NGOs permitted to buy food grains directly from FCI for relief operations
The government noted that NGOs and charitable organisations are playing an important role in providing food to thousands of poor people during the lockdown. To ensure uninterrupted supply of food grain to these organisations, the central government has directed FCI to provide wheat and rice to NGOs at the Open Market Sale Scheme rate. These rates are generally reserved for state governments and registered bulk users. This implies that these organisations can purchase one to ten metric tonnes of wheat and rice at a time from FCI at the predetermined reserve prices.
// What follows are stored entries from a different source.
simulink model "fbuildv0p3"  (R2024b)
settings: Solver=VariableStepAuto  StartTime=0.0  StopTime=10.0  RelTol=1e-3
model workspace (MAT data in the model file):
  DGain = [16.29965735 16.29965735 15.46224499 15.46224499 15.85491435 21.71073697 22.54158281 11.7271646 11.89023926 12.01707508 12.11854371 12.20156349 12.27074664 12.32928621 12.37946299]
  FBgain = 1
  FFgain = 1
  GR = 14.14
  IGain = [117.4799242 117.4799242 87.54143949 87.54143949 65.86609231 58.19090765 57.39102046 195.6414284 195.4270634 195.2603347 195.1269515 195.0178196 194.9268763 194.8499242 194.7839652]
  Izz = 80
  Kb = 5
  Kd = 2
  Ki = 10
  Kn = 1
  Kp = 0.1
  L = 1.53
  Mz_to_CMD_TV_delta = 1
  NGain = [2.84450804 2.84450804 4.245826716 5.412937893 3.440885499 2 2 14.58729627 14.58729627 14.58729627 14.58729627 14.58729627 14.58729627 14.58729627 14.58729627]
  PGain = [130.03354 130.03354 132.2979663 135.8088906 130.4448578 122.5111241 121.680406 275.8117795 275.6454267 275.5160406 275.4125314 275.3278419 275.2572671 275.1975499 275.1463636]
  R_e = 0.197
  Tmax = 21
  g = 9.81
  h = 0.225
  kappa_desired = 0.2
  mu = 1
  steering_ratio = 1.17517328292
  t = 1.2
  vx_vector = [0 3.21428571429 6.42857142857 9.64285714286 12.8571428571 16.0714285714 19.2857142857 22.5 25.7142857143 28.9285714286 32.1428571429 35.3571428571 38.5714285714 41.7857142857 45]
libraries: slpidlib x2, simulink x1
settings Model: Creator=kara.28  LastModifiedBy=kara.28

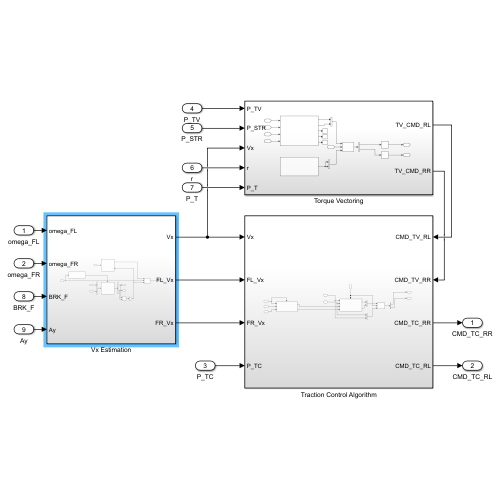
[thumbnail: Simulink's stored preview of the top-level diagram]
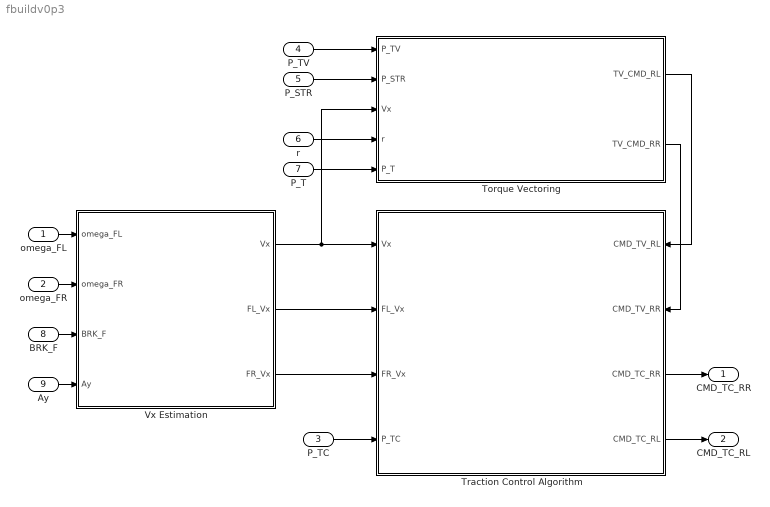
== system fbuildv0p3 ==
  omega_FL : Inport
  omega_FR : Inport  Port=2
  P_TC : Inport  Port=3
  P_TV : Inport  Port=4
  P_STR : Inport  Port=5
  r : Inport  Port=6
  P_T : Inport  Port=7
  BRK_F : Inport  Port=8
  Ay : Inport  Port=9
  Torque Vectoring : Subsystem
  Traction Control Algorithm : Subsystem
      settings: PortSchema="{\"entries\":[{\"content\":{\"sides\":[{\"content\":{\"connectorIds\":[\"In1\",\"In2\",\"In3\",\"In4\"]},\"type\":\"ConnectorPlacement.EquallySpacedRectSide\",\"uuid\":\"6d3224cc-3493-4876-87bf-cb750c54d205\"},{\"content\":{\"connectorIds\":[\"In5\",\"In6\",\"Out1\",\"Out2\"],\"side\":\"RIGHT\"},\"type\":\"ConnectorPlacement.EquallySpacedRectSide\",\"uuid\":\"16bb671c-e18d-4977-8b66-2f7bbb636356\"},{\"content\":{\"side\":\"TOP\"},\"type\":\"ConnectorPlacement.EquallySpacedRectSide\",\"uuid\":\"70c91239-ad82-48f3-8aa3-48d7bdfb7bbb\"}]},\"type\":\"ConnectorPlacement.EquallySpacedConnector\",\"uuid\":\"0f8ba5f7-72f2-430e-8458-63f00911aa7a\"}],\"packageUris\":[\"http://schema.mathworks.com/mf0/Connector/R2020b\"],\"version\":\"1.0\"}"
  Vx Estimation : Subsystem
  CMD_TC_RR : Outport
  CMD_TC_RL : Outport  Port=2
  wires:
  Traction Control Algorithm/2(CMD_TC_RL) -> CMD_TC_RL/1
  Traction Control Algorithm/1(CMD_TC_RR) -> CMD_TC_RR/1
  P_TC/1 -> Traction Control Algorithm/4(P_TC)
  Torque Vectoring/1(TV_CMD_RL) -> Traction Control Algorithm/5(CMD_TV_RL)
  Torque Vectoring/2(TV_CMD_RR) -> Traction Control Algorithm/6(CMD_TV_RR)
  P_TV/1 -> Torque Vectoring/1(P_TV)
  r/1 -> Torque Vectoring/4(r)
  P_T/1 -> Torque Vectoring/5(P_T)
  P_STR/1 -> Torque Vectoring/2(P_STR)
  omega_FL/1 -> Vx Estimation/1(omega_FL)
  omega_FR/1 -> Vx Estimation/2(omega_FR)
  Vx Estimation/2(FL_Vx) -> Traction Control Algorithm/2(FL_Vx)
  Vx Estimation/3(FR_Vx) -> Traction Control Algorithm/3(FR_Vx)
  BRK_F/1 -> Vx Estimation/3(BRK_F)
  Ay/1 -> Vx Estimation/4(Ay)
  Vx Estimation/1(Vx) -> Torque Vectoring/3(Vx), Traction Control Algorithm/1(Vx)

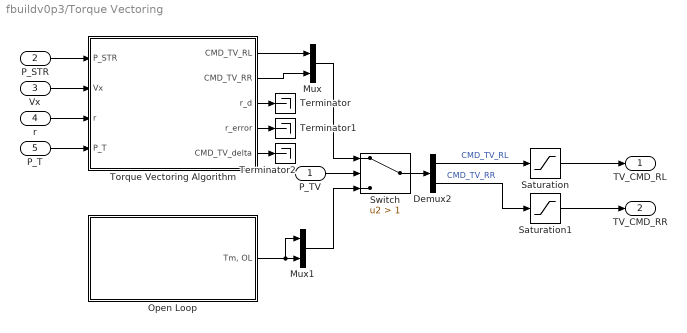
== system fbuildv0p3/Torque Vectoring ==
  P_TV : Inport
  P_STR : Inport  Port=2
  Vx : Inport  Port=3
  r : Inport  Port=4
  P_T : Inport  Port=5
  Demux2 : Demux  Outputs=2
  Mux : Mux  Inputs=2
  Mux1 : Mux  Inputs=2
  Open Loop : Subsystem
  Saturation : Saturate  UpperLimit=Tmax  LowerLimit=0
  Saturation1 : Saturate  UpperLimit=Tmax  LowerLimit=0
  Switch : Switch  Criteria=u2 > Threshold  Threshold=1  SaturateOnIntegerOverflow=off  InputSameDT=off
  Terminator : Terminator
  Terminator1 : Terminator
  Terminator2 : Terminator
  Torque Vectoring Algorithm : Subsystem
  TV_CMD_RL : Outport
  TV_CMD_RR : Outport  Port=2
  wires:
  Demux2/2 -> Saturation1/1  "CMD_TV_RR"
  Mux/1 -> Switch/1
  P_TV/1 -> Switch/2
  Torque Vectoring Algorithm/2(CMD_TV_RR) -> Mux/2
  Demux2/1 -> Saturation/1  "CMD_TV_RL"
  Open Loop/1("Tm, OL") -> Mux1/1, Mux1/2
  Torque Vectoring Algorithm/1(CMD_TV_RL) -> Mux/1
  Mux1/1 -> Switch/3
  Switch/1 -> Demux2/1
  Saturation/1 -> TV_CMD_RL/1
  Saturation1/1 -> TV_CMD_RR/1
  P_STR/1 -> Torque Vectoring Algorithm/1(P_STR)
  Vx/1 -> Torque Vectoring Algorithm/2(Vx)
  r/1 -> Torque Vectoring Algorithm/3(r)
  P_T/1 -> Torque Vectoring Algorithm/4(P_T)
  Torque Vectoring Algorithm/3(r_d) -> Terminator/1
  Torque Vectoring Algorithm/4(r_error) -> Terminator1/1
  Torque Vectoring Algorithm/5(CMD_TV_delta) -> Terminator2/1

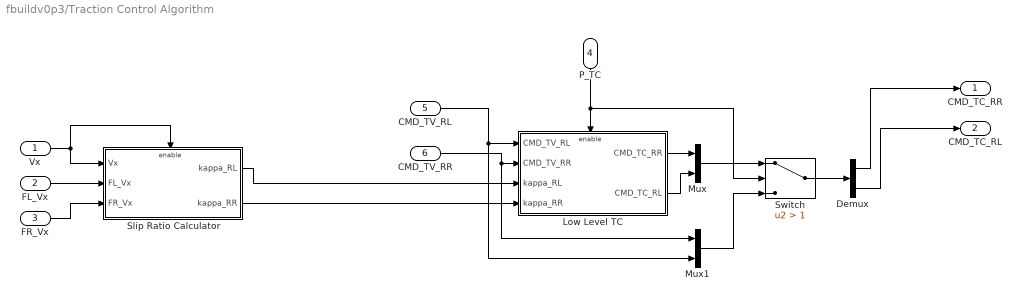
== system fbuildv0p3/Traction Control Algorithm ==
  Vx : Inport
  FL_Vx : Inport  Port=2
  FR_Vx : Inport  Port=3
  P_TC : Inport  Port=4
  CMD_TV_RL : Inport  Port=5
  CMD_TV_RR : Inport  Port=6
  Demux : Demux  Outputs=2
  Low Level TC : Subsystem
  Mux : Mux  Inputs=2
  Mux1 : Mux  Inputs=2
  Slip Ratio Calculator : Subsystem
  Switch : Switch  Criteria=u2 > Threshold  Threshold=1  SaturateOnIntegerOverflow=off  InputSameDT=off
  CMD_TC_RR : Outport
  CMD_TC_RL : Outport  Port=2
  wires:
  Slip Ratio Calculator/2(kappa_RR) -> Low Level TC/4(kappa_RR)
  Slip Ratio Calculator/1(kappa_RL) -> Low Level TC/3(kappa_RL)
  FL_Vx/1 -> Slip Ratio Calculator/2(FL_Vx)
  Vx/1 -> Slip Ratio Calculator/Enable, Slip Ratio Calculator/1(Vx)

Increasing financial resources
Reduction in salaries and benefits to Members of Parliament
The centre issued two Ordinances to amend: (i) the Salary, Allowances, and Pension of Members of Parliament Act, 1954 to reduce the salaries of MPs by 30% for a period of one year, and (ii) the Salaries and Allowances of Ministers Act, 1952, to reduce the sumptuary allowance of Ministers by 30% for one year. The government also amended the rules notified under the 1954 Act to reduce certain allowances of MPs for one year, and suspended the MPLAD Scheme for two years. The MPLAD scheme enables members of parliament to recommend developmental work in their constituencies. These changes are being made to supplement the financial resources of the centre to tackle the COVID-19 pandemic. The proposed reduction to the salaries and allowances of MPs and Ministers amounts to savings of around Rs 55 crore, and the suspension of the MPLAD scheme is expected to save Rs 7,800 crore. These measures comprise 0.03% and 4.5% respectively, of the estimated amount required to fight the immediate economic distress unleashed due to COVID.